[[ Data extracts, beginning ]]
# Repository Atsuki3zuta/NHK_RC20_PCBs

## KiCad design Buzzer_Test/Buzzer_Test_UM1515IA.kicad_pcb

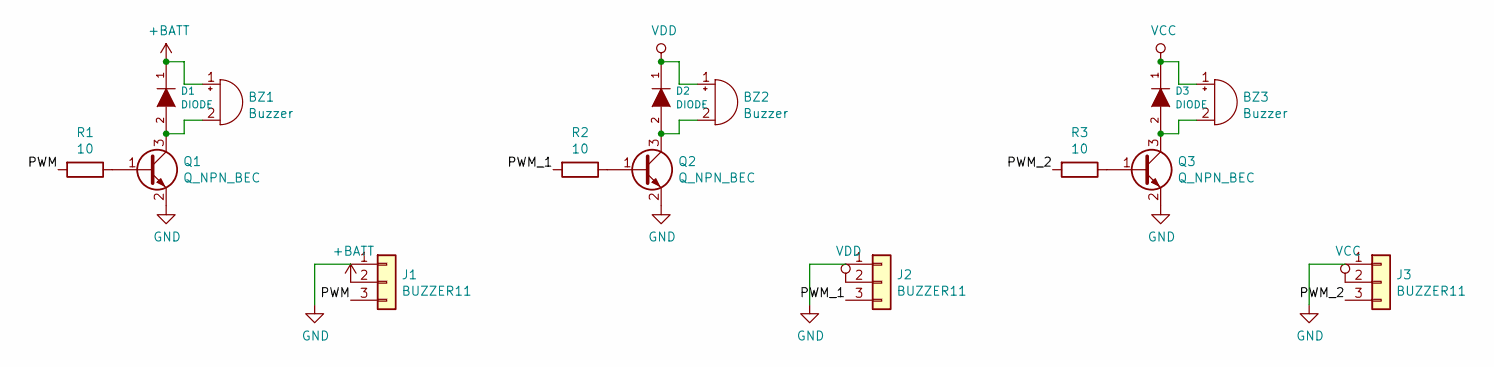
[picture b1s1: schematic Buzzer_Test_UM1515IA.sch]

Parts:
BZ1: Buzzer; UM1515IA
BZ2: Buzzer; UGCT7525AN4
BZ3: Buzzer; PKLCS1212E4001
D1, D2, D3: DIODE; D_SOD-123
J1, J2, J3: BUZZER11; PinHeader_1x03_P2.54mm_Vertical
Q1, Q2, Q3: Q_NPN_BEC; SOT-23W
R1, R2, R3: 10; R_0603_1608Metric

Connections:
+BATT: BZ1.1 (-), D1.1 (K), J1.2
/PWM: J1.3, R1.2
/PWM_1: J2.3, R2.2
/PWM_2: J3.3, R3.2
GND: J1.1, J2.1, J3.1, Q1.2 (E), Q2.2 (E), Q3.2 (E)
unnamed: BZ1.2 (+), D1.2 (A), Q1.3 (C)
unnamed: BZ2.2 (+), D2.2 (A), Q2.3 (C)
unnamed: BZ3.2 (+), D3.2 (A), Q3.3 (C)
unnamed: Q1.1 (B), R1.1
unnamed: Q2.1 (B), R2.1
unnamed: Q3.1 (B), R3.1
VCC: BZ3.1 (-), D3.1 (K), J3.2
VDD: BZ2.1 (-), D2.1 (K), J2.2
[[ Data extracts, end ]]
Exercise objective: Set the whole listing down again unchanged, apart from the pictures, which are omitted.

Reply:
# Repository Atsuki3zuta/NHK_RC20_PCBs

## KiCad design Buzzer_Test/Buzzer_Test_UM1515IA.kicad_pcb

[picture b1s1: schematic Buzzer_Test_UM1515IA.sch]

Parts:
BZ1: Buzzer; UM1515IA
BZ2: Buzzer; UGCT7525AN4
BZ3: Buzzer; PKLCS1212E4001
D1, D2, D3: DIODE; D_SOD-123
J1, J2, J3: BUZZER11; PinHeader_1x03_P2.54mm_Vertical
Q1, Q2, Q3: Q_NPN_BEC; SOT-23W
R1, R2, R3: 10; R_0603_1608Metric

Connections:
+BATT: BZ1.1 (-), D1.1 (K), J1.2
/PWM: J1.3, R1.2
/PWM_1: J2.3, R2.2
/PWM_2: J3.3, R3.2
GND: J1.1, J2.1, J3.1, Q1.2 (E), Q2.2 (E), Q3.2 (E)
unnamed: BZ1.2 (+), D1.2 (A), Q1.3 (C)
unnamed: BZ2.2 (+), D2.2 (A), Q2.3 (C)
unnamed: BZ3.2 (+), D3.2 (A), Q3.3 (C)
unnamed: Q1.1 (B), R1.1
unnamed: Q2.1 (B), R2.1
unnamed: Q3.1 (B), R3.1
VCC: BZ3.1 (-), D3.1 (K), J3.2
VDD: BZ2.1 (-), D2.1 (K), J2.2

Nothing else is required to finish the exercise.